5. Advanced Features and Architectural Innovations
- Dynamic fusion strategies: Models like MMSR, COHESION, and DUP-MCRNet employ trainable gating or dynamic weighting to determine when, where, and how to fuse modalities, adapting to input content and suppressing noise (Hu et al., 2023, Xu et al., 6 Apr 2025, Xiong et al., 28 Aug 2025).
- Hierarchical and multi-scale representations: Integration across semantic levels via hierarchical pooling, multi-level attention, or graph expansion captures global structure without overfitting or over-smoothing (Tang et al., 2021, Ding et al., 2024, Li et al., 16 Sep 2025).
- Graph-driven uncertainty propagation: DUP-MCRNet propagates per-pixel uncertainty through a spatial graph, modulating graph convolution and fusion, achieving robust edge and detail preservation (Xiong et al., 28 Aug 2025).
- Global fusion via state-space models: GraphMMP’s integration of Mamba, a selective state-space mechanism, offers long-range, efficient fusion superior to classical GNN stacks (Shan et al., 24 Aug 2025).
- Structural guidance for large models: Graph4MM demonstrates theoretically and empirically that using graphs as attention masks and hop-diffusion guides, rather than as a standalone input to foundation models, leads to improved generalization and information flow (Ning et al., 19 Oct 2025).
6. Limitations, Open Challenges, and Future Directions
While graph-based multimodal fusion frameworks have shown increased accuracy, efficiency, and flexibility across a wide array of tasks, several challenges persist:
- Graph construction at scale: Crafting meaningful, efficient graphs from large-scale, noisy, or weakly-aligned modalities requires advances in automated structure discovery, bootstrapping edge definitions, and leveraging weak supervision (Karthikeya et al., 26 Jan 2026, Ning et al., 19 Oct 2025).
- Computational efficiency and over-smoothing: Deep and wide GNNs risk feature homogenization and scaling bottlenecks.

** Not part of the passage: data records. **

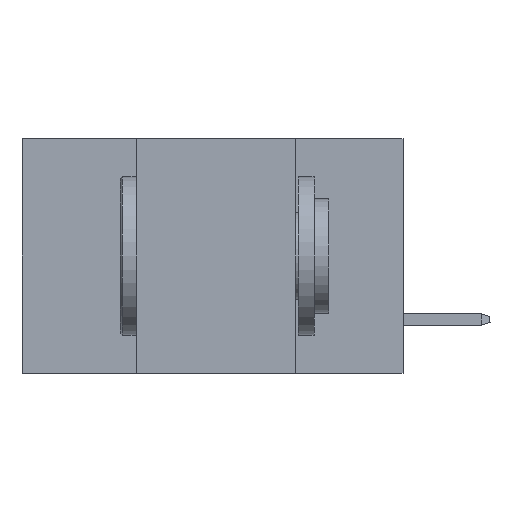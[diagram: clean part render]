
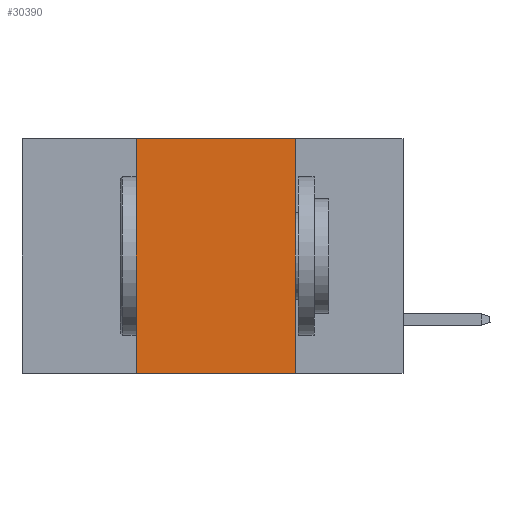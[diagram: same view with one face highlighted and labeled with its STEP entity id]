
A CAD part, left-side view. The second image highlights one B-rep face of the part: STEP entity #30390.
In plain terms, the highlighted planar face has unit normal (-1, 0, 0).
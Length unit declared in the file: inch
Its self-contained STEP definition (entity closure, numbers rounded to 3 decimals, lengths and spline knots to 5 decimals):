
#4668 = VECTOR ( 'NONE', #6098, 39.37008 ) ;
#6091 = ORIENTED_EDGE ( 'NONE', *, *, #19974, .F. ) ;
#6098 = DIRECTION ( 'NONE',  ( 0., 0., -1. ) ) ;
#8601 = DIRECTION ( 'NONE',  ( 0., 0., -1. ) ) ;
#8815 = DIRECTION ( 'NONE',  ( 1., 0., 0. ) ) ;
#8855 = AXIS2_PLACEMENT_3D ( 'NONE', #25137, #8815, #8601 ) ;
#8901 = DIRECTION ( 'NONE',  ( 0., -1., 0. ) ) ;
#9029 = PLANE ( 'NONE',  #8855 ) ;
#10581 = VECTOR ( 'NONE', #8901, 39.37008 ) ;
#10877 = CARTESIAN_POINT ( 'NONE',  ( 0., 0.17, -0.37 ) ) ;
#11321 = LINE ( 'NONE', #24173, #40598 ) ;
#11844 = VERTEX_POINT ( 'NONE', #16720 ) ;
#12838 = LINE ( 'NONE', #19585, #4668 ) ;
#14719 = VERTEX_POINT ( 'NONE', #10877 ) ;
#14947 = EDGE_CURVE ( 'NONE', #11844, #34030, #32621, .T. ) ;
#16720 = CARTESIAN_POINT ( 'NONE',  ( 0., 0.42, 0. ) ) ;
#18272 = DIRECTION ( 'NONE',  ( 0., -1., 0. ) ) ;
#19320 = VECTOR ( 'NONE', #42092, 39.37008 ) ;
#19585 = CARTESIAN_POINT ( 'NONE',  ( 0., 0.17, 0. ) ) ;
#19974 = EDGE_CURVE ( 'NONE', #34030, #14719, #12838, .T. ) ;
#22294 = FACE_OUTER_BOUND ( 'NONE', #40771, .T. ) ;
#22608 = EDGE_CURVE ( 'NONE', #35560, #11844, #32103, .T. ) ;
#24173 = CARTESIAN_POINT ( 'NONE',  ( 0., 0.6, -0.37 ) ) ;
#25137 = CARTESIAN_POINT ( 'NONE',  ( 0., 0.6, 0. ) ) ;
#25620 = CARTESIAN_POINT ( 'NONE',  ( 0., 0.42, -0.37 ) ) ;
#27713 = ORIENTED_EDGE ( 'NONE', *, *, #14947, .F. ) ;
#28825 = CARTESIAN_POINT ( 'NONE',  ( 0., 0.42, 0. ) ) ;
#30390 = ADVANCED_FACE ( 'NONE', ( #22294 ), #9029, .F. ) ;
#32103 = LINE ( 'NONE', #28825, #19320 ) ;
#32621 = LINE ( 'NONE', #38708, #10581 ) ;
#32719 = CARTESIAN_POINT ( 'NONE',  ( 0., 0.17, 0. ) ) ;
#33575 = ORIENTED_EDGE ( 'NONE', *, *, #22608, .F. ) ;
#34030 = VERTEX_POINT ( 'NONE', #32719 ) ;
#35560 = VERTEX_POINT ( 'NONE', #25620 ) ;
#38708 = CARTESIAN_POINT ( 'NONE',  ( 0., 0.6, 0. ) ) ;
#39357 = EDGE_CURVE ( 'NONE', #35560, #14719, #11321, .T. ) ;
#40598 = VECTOR ( 'NONE', #18272, 39.37008 ) ;
#40771 = EDGE_LOOP ( 'NONE', ( #6091, #27713, #33575, #41561 ) ) ;
#41561 = ORIENTED_EDGE ( 'NONE', *, *, #39357, .T. ) ;
#42092 = DIRECTION ( 'NONE',  ( 0., 0., 1. ) ) ;

Methods such as hop-diffusion, residual + dense-concat, and hierarchical/staged aggregation have partially mitigated this (Ning et al., 19 Oct 2025, Li et al., 2022).
- Missing data and robustness: Many graph-based systems naturally handle missing modalities (MMSR, AGSP-DSA), but further research on principled uncertainty quantification and recovery remains necessary (Hu et al., 2023, Karthikeya et al., 26 Jan 2026, Xiong et al., 28 Aug 2025).
- Interpretability: The explicit encoding of interactions as graphs offers a promising avenue for post hoc analysis of learned associations, but methods for explainability and graph attention inspection at scale remain underdeveloped (Yang et al., 2020, Mai et al., 2019).
- Heterogeneous node and edge types: Extending beyond homogeneous graphs to handle arbitrary entity-relation schemas (as in knowledge graphs or multi-task settings) is a frontier for both theory and practice (Fang, 3 Sep 2025, Ning et al., 19 Oct 2025).
- Integration with foundation models: There is active debate and evidence that treating the graph as a guide (masking, hop-priors) outperforms treating it as “just another modality” for large LLM or VLM architectures, due to the mutual information and generalization limits of local GNNs (Ning et al., 19 Oct 2025).
This suggests that the field is progressing toward models that can integrate massive, noisy, and complex multimodal data by leveraging graph-theoretic structure both as an intermediate reasoning substrate and as a means of guiding large-scale attention models. Future work is likely to focus on scalable graph construction, adaptive fusion under uncertainty, more expressive GNN architectures for heterogeneous and dynamic graphs, and hybrid strategies that integrate structural guidance with large pre-trained models while maintaining interpretability and computational tractability.